Ultime Notizie
Napoli, sollievo per gli spazzini: Regione sblocca stipendi Consorzio Bacino
Napoli respira sollievo: dopo mesi di proteste e code infinite agli sportelli, arrivano gli stipendi ai lavoratori del Consorzio unico di bacino Napoli-Caserta. Famiglie intere, dai Quartieri Spagnoli a Caserta, tirano un sospiro tra le mura scrostate.
L’annuncio è arrivato come un fulmine a ciel sereno. L’assessore all’Ambiente della Regione Campania, Claudia Pecoraro, ha tagliato i nodi: “Con l’approvazione del debito fuori bilancio abbiamo stanziato le risorse necessarie per saldare gli arretrati”.

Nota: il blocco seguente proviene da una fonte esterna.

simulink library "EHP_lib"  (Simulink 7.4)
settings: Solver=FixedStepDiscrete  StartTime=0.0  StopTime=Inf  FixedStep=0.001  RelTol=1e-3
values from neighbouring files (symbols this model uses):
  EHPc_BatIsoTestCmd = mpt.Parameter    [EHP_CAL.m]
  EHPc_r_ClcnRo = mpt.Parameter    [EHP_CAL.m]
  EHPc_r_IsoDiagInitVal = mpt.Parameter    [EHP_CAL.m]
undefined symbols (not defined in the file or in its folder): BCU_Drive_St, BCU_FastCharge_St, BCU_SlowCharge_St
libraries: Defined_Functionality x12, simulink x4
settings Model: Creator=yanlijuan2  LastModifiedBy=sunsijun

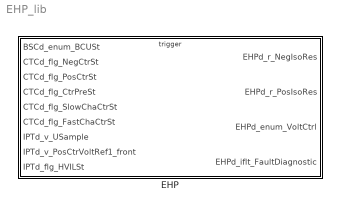
== system EHP_lib ==
  EHP : Subsystem  TreatAsAtomicUnit=on

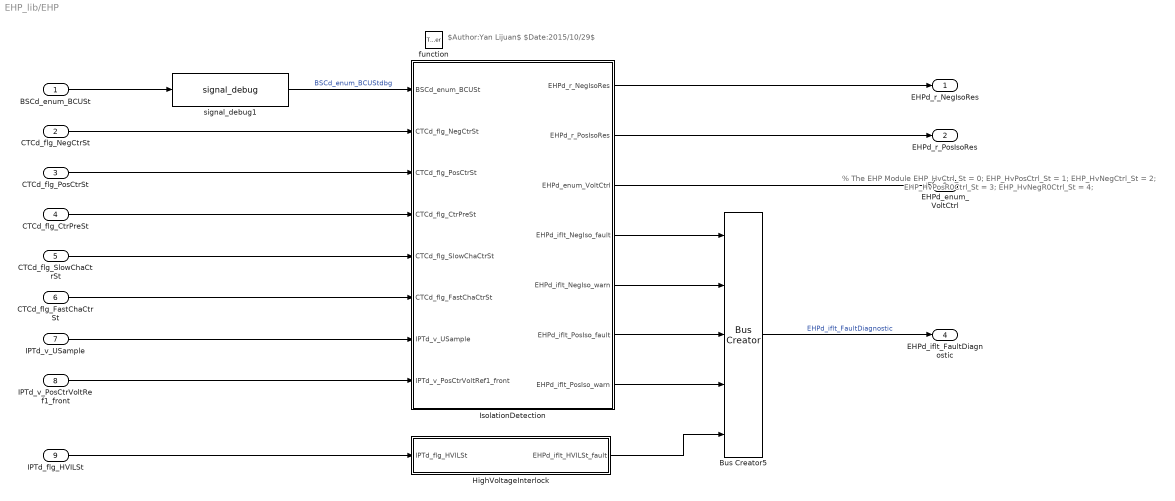
== system EHP_lib/EHP ==
  note: % The EHP Module
      | EHP_HvCtrl_St                       = 0;
      | EHP_HvPosCtrl_St                 = 1;
      | EHP_HvNegCtrl_St                 = 2;
      | EHP_HvPosR0Ctrl_St             = 3;
      | EHP_HvNegR0Ctrl_St             = 4;
  note: $Author:Yan Lijuan$
      | $Date:2015/10/29$
  BSCd_enum_BCUSt : Inport
  CTCd_flg_NegCtrSt : Inport  Port=2  OutDataType=fixdt(1, 16)  OutScaling=2^0
  CTCd_flg_PosCtrSt : Inport  Port=3  OutDataType=fixdt(1, 16)  OutScaling=2^0
  CTCd_flg_CtrPreSt : Inport  Port=4  OutDataType=fixdt(1, 16)  OutScaling=2^0
  CTCd_flg_SlowChaCtrSt : Inport  Port=5  OutDataType=fixdt(1, 16)  OutScaling=2^0
  CTCd_flg_FastChaCtrSt : Inport  Port=6  OutDataType=fixdt(1, 16)  OutScaling=2^0
  IPTd_v_USample : Inport  Port=7  OutDataType=fixdt(1, 16)  OutScaling=2^0
  IPTd_v_PosCtrVoltRef1_front : Inport  Port=8  OutDataType=fixdt(1, 16)  OutScaling=2^0
  IPTd_flg_HVILSt : Inport  Port=9  OutDataType=fixdt(1, 16)  OutScaling=2^0
  function : TriggerPort  TriggerType=function-call
  Bus Creator5 : BusCreator  Inputs=5
  HighVoltageInterlock : Subsystem  RTWFcnName=HighVoltageInterlock
      settings: RTWSystemCode=Function  RTWFcnNameOpts=User specified  RTWFileNameOpts=Use function name
  IsolationDetection : Subsystem  Description=|
      | $Author:Yan LiJuan$
      | $Date:2015/03/26$  
      | $Revision:1.0$
  signal_debug1 : Defined_Functionality/signal_debug  SystemSampleTime=-1  debug_switch=BSCc_dbgsw_BSCSt  debug_value=BSCc_dbgval_BSCSt
      settings: AttributesFormatString=[SWITCH=%<debug_switch>]\n[VALUE=%<debug_value>]
  EHPd_r_NegIsoRes : Outport  OutDataType=fixdt(1, 16)  OutScaling=2^0
  EHPd_r_PosIsoRes : Outport  Port=2  OutDataType=fixdt(1, 16)  OutScaling=2^0
  EHPd_enum_VoltCtrl : Outport  Port=3  OutDataType=fixdt(1, 16)  OutScaling=2^0
  EHPd_iflt_FaultDiagnostic : Outport  Port=4  OutDataType=fixdt(1, 16)  OutScaling=2^0
  wires:
  IPTd_v_PosCtrVoltRef1_front/1 -> IsolationDetection/8(IPTd_v_PosCtrVoltRef1_front)
  signal_debug1/1 -> IsolationDetection/1(BSCd_enum_BCUSt)  "BSCd_enum_BCUStdbg"
  IsolationDetection/3(EHPd_enum_VoltCtrl) -> EHPd_enum_VoltCtrl/1
  IsolationDetection/2(EHPd_r_PosIsoRes) -> EHPd_r_PosIsoRes/1
  IsolationDetection/1(EHPd_r_NegIsoRes) -> EHPd_r_NegIsoRes/1
  IPTd_flg_HVILSt/1 -> HighVoltageInterlock/1(IPTd_flg_HVILSt)
  HighVoltageInterlock/1(EHPd_iflt_HVILSt_fault) -> Bus Creator5/5
  IPTd_v_USample/1 -> IsolationDetection/7(IPTd_v_USample)
  CTCd_flg_CtrPreSt/1 -> IsolationDetection/4(CTCd_flg_CtrPreSt)
  CTCd_flg_PosCtrSt/1 -> IsolationDetection/3(CTCd_flg_PosCtrSt)
  CTCd_flg_NegCtrSt/1 -> IsolationDetection/2(CTCd_flg_NegCtrSt)
  IsolationDetection/4(EHPd_iflt_NegIso_fault) -> Bus Creator5/1
  IsolationDetection/5(EHPd_iflt_NegIso_warn) -> Bus Creator5/2
  IsolationDetection/6(EHPd_iflt_PosIso_fault) -> Bus Creator5/3
  IsolationDetection/7(EHPd_iflt_PosIso_warn) -> Bus Creator5/4
  Bus Creator5/1 -> EHPd_iflt_FaultDiagnostic/1  "EHPd_iflt_FaultDiagnostic"
  CTCd_flg_SlowChaCtrSt/1 -> IsolationDetection/5(CTCd_flg_SlowChaCtrSt)
  CTCd_flg_FastChaCtrSt/1 -> IsolationDetection/6(CTCd_flg_FastChaCtrSt)
  BSCd_enum_BCUSt/1 -> signal_debug1/1

== system EHP_lib/EHP/HighVoltageInterlock ==
  IPTd_flg_HVILSt : Inport  OutDataType=fixdt(1, 16)  OutScaling=2^0
  Gain : Gain  ParameterDataType=fixdt(1, 16)  ParameterScaling=2^0  OutDataType=fixdt(1, 16)  OutScaling=2^0  OutDataTypeStr=Inherit: Same as input
  EHPd_iflt_HVILSt_fault : Outport  OutDataType=fixdt(1, 16)  OutScaling=2^0
  wires:
  Gain/1 -> EHPd_iflt_HVILSt_fault/1  "EHPd_iflt_HVILSt_fault"
  IPTd_flg_HVILSt/1 -> Gain/1

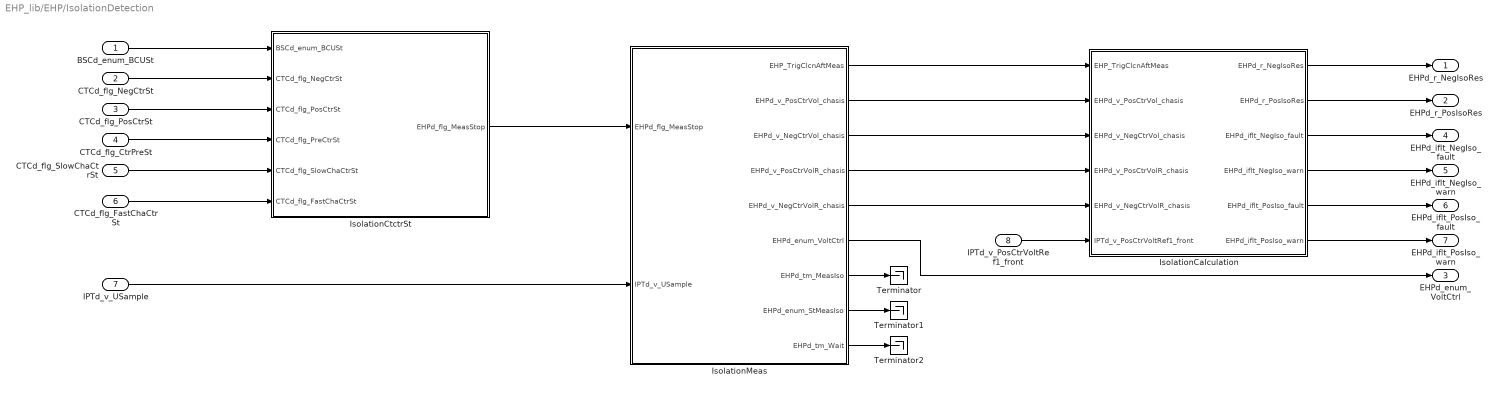
== system EHP_lib/EHP/IsolationDetection ==
  BSCd_enum_BCUSt : Inport
  CTCd_flg_NegCtrSt : Inport  Port=2  OutDataType=fixdt(1, 16)  OutScaling=2^0
  CTCd_flg_PosCtrSt : Inport  Port=3  OutDataType=fixdt(1, 16)  OutScaling=2^0
  CTCd_flg_CtrPreSt : Inport  Port=4  OutDataType=fixdt(1, 16)  OutScaling=2^0
  CTCd_flg_SlowChaCtrSt : Inport  Port=5  OutDataType=fixdt(1, 16)  OutScaling=2^0
  CTCd_flg_FastChaCtrSt : Inport  Port=6  OutDataType=fixdt(1, 16)  OutScaling=2^0
  IPTd_v_USample : Inport  Port=7  OutDataType=fixdt(1, 16)  OutScaling=2^0
  IPTd_v_PosCtrVoltRef1_front : Inport  Port=8  OutDataType=fixdt(1, 16)  OutScaling=2^0
  IsolationCalculation : Subsystem  Description=|
      | $Author:Yan LiJuan$
      | $Date:2015/03/26$  
      | $Revision:1.0$
  IsolationCtctrSt : Subsystem  Description=|
      | $Author:Yan LiJuan$
      | $Date:2015/06/03$  
      | $Revision:1.0$
  IsolationMeas : Subsystem  Description=|
      | $Author:Yan LiJuan$
      | $Date:2015/03/26$  
      | $Revision:1.0$
  Terminator : Terminator
  Terminator1 : Terminator
  Terminator2 : Terminator
  EHPd_r_NegIsoRes : Outport  OutDataType=fixdt(1, 16)  OutScaling=2^0
  EHPd_r_PosIsoRes : Outport  Port=2  OutDataType=fixdt(1, 16)  OutScaling=2^0
  EHPd_enum_VoltCtrl : Outport  Port=3  OutDataType=fixdt(1, 16)  OutScaling=2^0
  EHPd_iflt_NegIso_fault : Outport  Port=4  OutDataType=fixdt(1, 16)  OutScaling=2^0
  EHPd_iflt_NegIso_warn : Outport  Port=5  OutDataType=fixdt(1, 16)  OutScaling=2^0
  EHPd_iflt_PosIso_fault : Outport  Port=6  OutDataType=fixdt(1, 16)  OutScaling=2^0
  EHPd_iflt_PosIso_warn : Outport  Port=7  OutDataType=fixdt(1, 16)  OutScaling=2^0
  wires:
  IsolationMeas/9(EHPd_tm_Wait) -> Terminator2/1
  IsolationMeas/8(EHPd_enum_StMeasIso) -> Terminator1/1
  IsolationMeas/7(EHPd_tm_MeasIso) -> Terminator/1
  IPTd_v_PosCtrVoltRef1_front/1 -> IsolationCalculation/6(IPTd_v_PosCtrVoltRef1_front)
  IsolationMeas/6(EHPd_enum_VoltCtrl) -> EHPd_enum_VoltCtrl/1
  IsolationCalculation/6(EHPd_iflt_PosIso_warn) -> EHPd_iflt_PosIso_warn/1
  IsolationCalculation/5(EHPd_iflt_PosIso_fault) -> EHPd_iflt_PosIso_fault/1
  IsolationCalculation/4(EHPd_iflt_NegIso_warn) -> EHPd_iflt_NegIso_warn/1
  IsolationCalculation/3(EHPd_iflt_NegIso_fault) -> EHPd_iflt_NegIso_fault/1
  IsolationCalculation/2(EHPd_r_PosIsoRes) -> EHPd_r_PosIsoRes/1
  IsolationCalculation/1(EHPd_r_NegIsoRes) -> EHPd_r_NegIsoRes/1
  IsolationMeas/4(EHPd_v_PosCtrVolR_chasis) -> IsolationCalculation/4(EHPd_v_PosCtrVolR_chasis)
  IsolationMeas/1(EHP_TrigClcnAftMeas) -> IsolationCalculation/1(EHP_TrigClcnAftMeas)
  CTCd_flg_CtrPreSt/1 -> IsolationCtctrSt/4(CTCd_flg_PreCtrSt)
  CTCd_flg_PosCtrSt/1 -> IsolationCtctrSt/3(CTCd_flg_PosCtrSt)
  CTCd_flg_NegCtrSt/1 -> IsolationCtctrSt/2(CTCd_flg_NegCtrSt)
  IsolationMeas/5(EHPd_v_NegCtrVolR_chasis) -> IsolationCalculation/5(EHPd_v_NegCtrVolR_chasis)
  IPTd_v_USample/1 -> IsolationMeas/2(IPTd_v_USample)
  IsolationMeas/3(EHPd_v_NegCtrVol_chasis) -> IsolationCalculation/3(EHPd_v_NegCtrVol_chasis)
  IsolationCtctrSt/1(EHPd_flg_MeasStop) -> IsolationMeas/1(EHPd_flg_MeasStop)
  IsolationMeas/2(EHPd_v_PosCtrVol_chasis) -> IsolationCalculation/2(EHPd_v_PosCtrVol_chasis)
  CTCd_flg_SlowChaCtrSt/1 -> IsolationCtctrSt/5(CTCd_flg_SlowChaCtrSt)
  CTCd_flg_FastChaCtrSt/1 -> IsolationCtctrSt/6(CTCd_flg_FastChaCtrSt)
  BSCd_enum_BCUSt/1 -> IsolationCtctrSt/1(BSCd_enum_BCUSt)

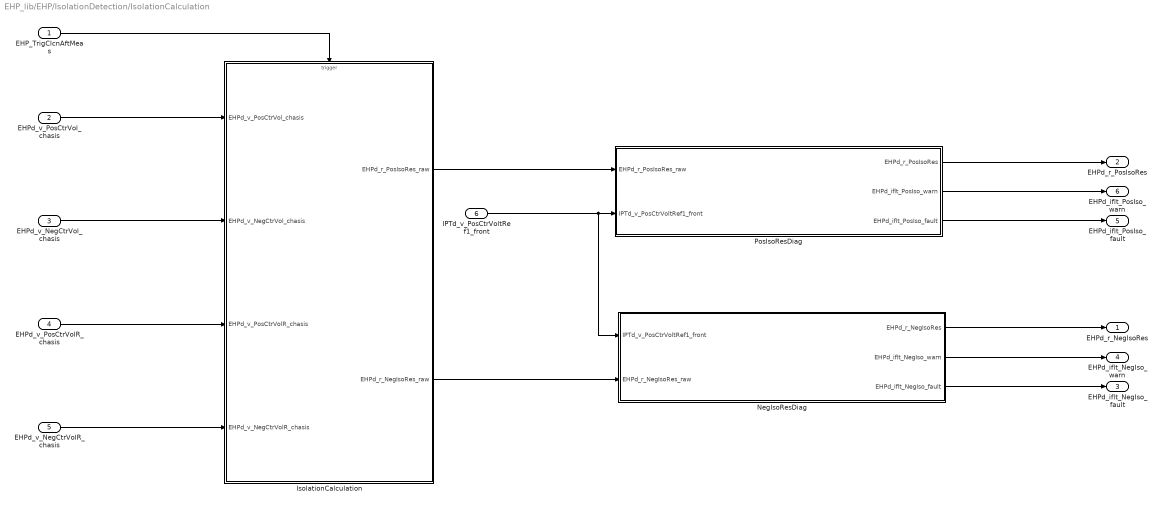
== system EHP_lib/EHP/IsolationDetection/IsolationCalculation ==
  EHP_TrigClcnAftMeas : Inport  OutDataType=fixdt(1, 16)  OutScaling=2^0
  EHPd_v_PosCtrVol_chasis : Inport  Port=2  OutDataType=fixdt(1, 16)  OutScaling=2^0
  EHPd_v_NegCtrVol_chasis : Inport  Port=3  OutDataType=fixdt(1, 16)  OutScaling=2^0
  EHPd_v_PosCtrVolR_chasis : Inport  Port=4  OutDataType=fixdt(1, 16)  OutScaling=2^0
  EHPd_v_NegCtrVolR_chasis : Inport  Port=5  OutDataType=fixdt(1, 16)  OutScaling=2^0
  IPTd_v_PosCtrVoltRef1_front : Inport  Port=6  OutDataType=fixdt(1, 16)  OutScaling=2^0
  IsolationCalculation : Subsystem  Description=|
      | $Author:Yan LiJuan$
      | $Date:2015/03/26$  
      | $Revision:1.0$
  NegIsoResDiag : Subsystem
  PosIsoResDiag : Subsystem
  EHPd_r_NegIsoRes : Outport  OutDataType=fixdt(1, 16)  OutScaling=2^0
  EHPd_r_PosIsoRes : Outport  Port=2  OutDataType=fixdt(1, 16)  OutScaling=2^0
  EHPd_iflt_NegIso_fault : Outport  Port=3  OutDataType=fixdt(1, 16)  OutScaling=2^0
  EHPd_iflt_NegIso_warn : Outport  Port=4  OutDataType=fixdt(1, 16)  OutScaling=2^0
  EHPd_iflt_PosIso_fault : Outport  Port=5  OutDataType=fixdt(1, 16)  OutScaling=2^0
  EHPd_iflt_PosIso_warn : Outport  Port=6  OutDataType=fixdt(1, 16)  OutScaling=2^0
  wires:
  NegIsoResDiag/3(EHPd_iflt_NegIso_fault) -> EHPd_iflt_NegIso_fault/1
  NegIsoResDiag/2(EHPd_iflt_NegIso_warn) -> EHPd_iflt_NegIso_warn/1
  NegIsoResDiag/1(EHPd_r_NegIsoRes) -> EHPd_r_NegIsoRes/1
  IsolationCalculation/2(EHPd_r_NegIsoRes_raw) -> NegIsoResDiag/2(EHPd_r_NegIsoRes_raw)
  PosIsoResDiag/3(EHPd_iflt_PosIso_fault) -> EHPd_iflt_PosIso_fault/1
  PosIsoResDiag/2(EHPd_iflt_PosIso_warn) -> EHPd_iflt_PosIso_warn/1
  PosIsoResDiag/1(EHPd_r_PosIsoRes) -> EHPd_r_PosIsoRes/1
  IPTd_v_PosCtrVoltRef1_front/1 -> NegIsoResDiag/1(IPTd_v_PosCtrVoltRef1_front), PosIsoResDiag/2(IPTd_v_PosCtrVoltRef1_front)
  EHPd_v_NegCtrVolR_chasis/1 -> IsolationCalculation/4(EHPd_v_NegCtrVolR_chasis)
  EHPd_v_PosCtrVolR_chasis/1 -> IsolationCalculation/3(EHPd_v_PosCtrVolR_chasis)
  EHPd_v_NegCtrVol_chasis/1 -> IsolationCalculation/2(EHPd_v_NegCtrVol_chasis)
  EHPd_v_PosCtrVol_chasis/1 -> IsolationCalculation/1(EHPd_v_PosCtrVol_chasis)
  IsolationCalculation/1(EHPd_r_PosIsoRes_raw) -> PosIsoResDiag/1(EHPd_r_PosIsoRes_raw)
  EHP_TrigClcnAftMeas/1 -> IsolationCalculation/Trigger

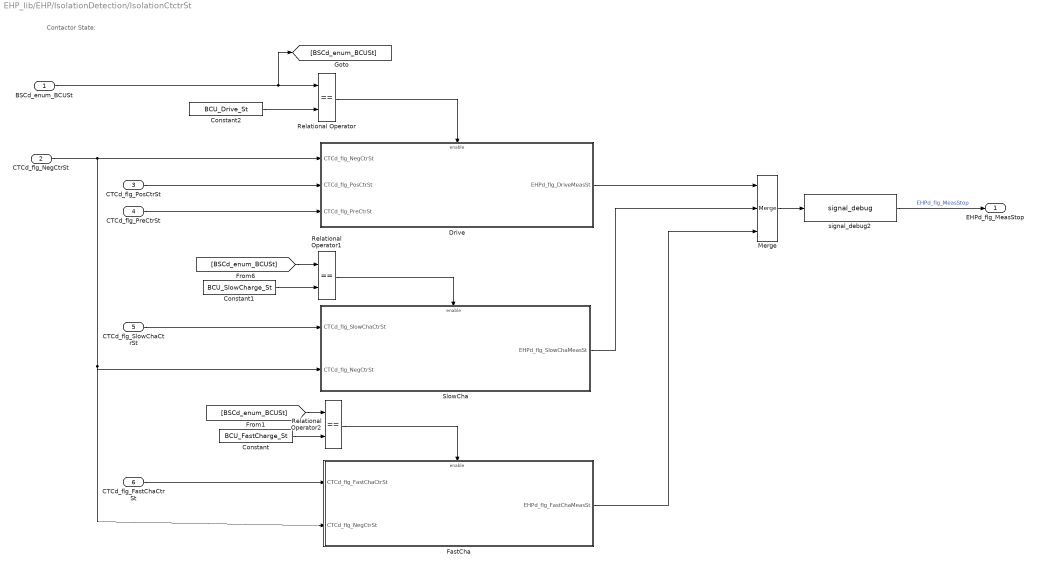
== system EHP_lib/EHP/IsolationDetection/IsolationCtctrSt ==
  note: Contactor State:
  BSCd_enum_BCUSt : Inport
  CTCd_flg_NegCtrSt : Inport  Port=2  OutDataType=fixdt(1, 16)  OutScaling=2^0
  CTCd_flg_PosCtrSt : Inport  Port=3  OutDataType=fixdt(1, 16)  OutScaling=2^0
  CTCd_flg_PreCtrSt : Inport  Port=4  OutDataType=fixdt(1, 16)  OutScaling=2^0
  CTCd_flg_SlowChaCtrSt : Inport  Port=5  OutDataType=fixdt(1, 16)  OutScaling=2^0
  CTCd_flg_FastChaCtrSt : Inport  Port=6  OutDataType=fixdt(1, 16)  OutScaling=2^0
  Constant : Constant  Value=BCU_FastCharge_St  OutDataTypeMode=uint8  OutDataType=fixdt(1, 16)  OutScaling=2^0  OutDataTypeStr=uint8
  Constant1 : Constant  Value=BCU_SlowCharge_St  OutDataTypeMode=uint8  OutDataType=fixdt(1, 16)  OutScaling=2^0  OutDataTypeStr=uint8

Da troppo tempo, questi operai – spazzini, netturbini, uomini e donne che tengono pulite le strade di una città che non dorme mai – lottavano per un piatto sulla tavola. Code sotto il sole cocente di Fuorigrotta, sit-in davanti al Palazzo regionale. “Pensavo di perdere la casa”, ci confida Salvatore, 52 anni, da anni nel Consorzio. “Ora posso guardare i miei figli negli occhi”.
La tensione sale nei vicoli affollati di Napoli. Qui, dove un ritardo in busta paga significa pane razionato, l’urgenza è palpabile. Il Consorzio, che copre il bacino Napoli-Caserta, ha incassato i fondi regionali dopo un’attesa estenuante. Ma le famiglie chiedono garanzie.
I soldi entreranno sui conti entro giorni. La Regione ha sbloccato centinaia di migliaia di euro. Eppure, tra le bancarelle di Pignasecca e i mercati rionali, si sussurra: e il prossimo mese?
La città osserva. I lavoratori esultano, ma la domanda resta sospesa. Basterà questo a spegnere le tensioni? O è solo una tregua in una battaglia che non finisce mai?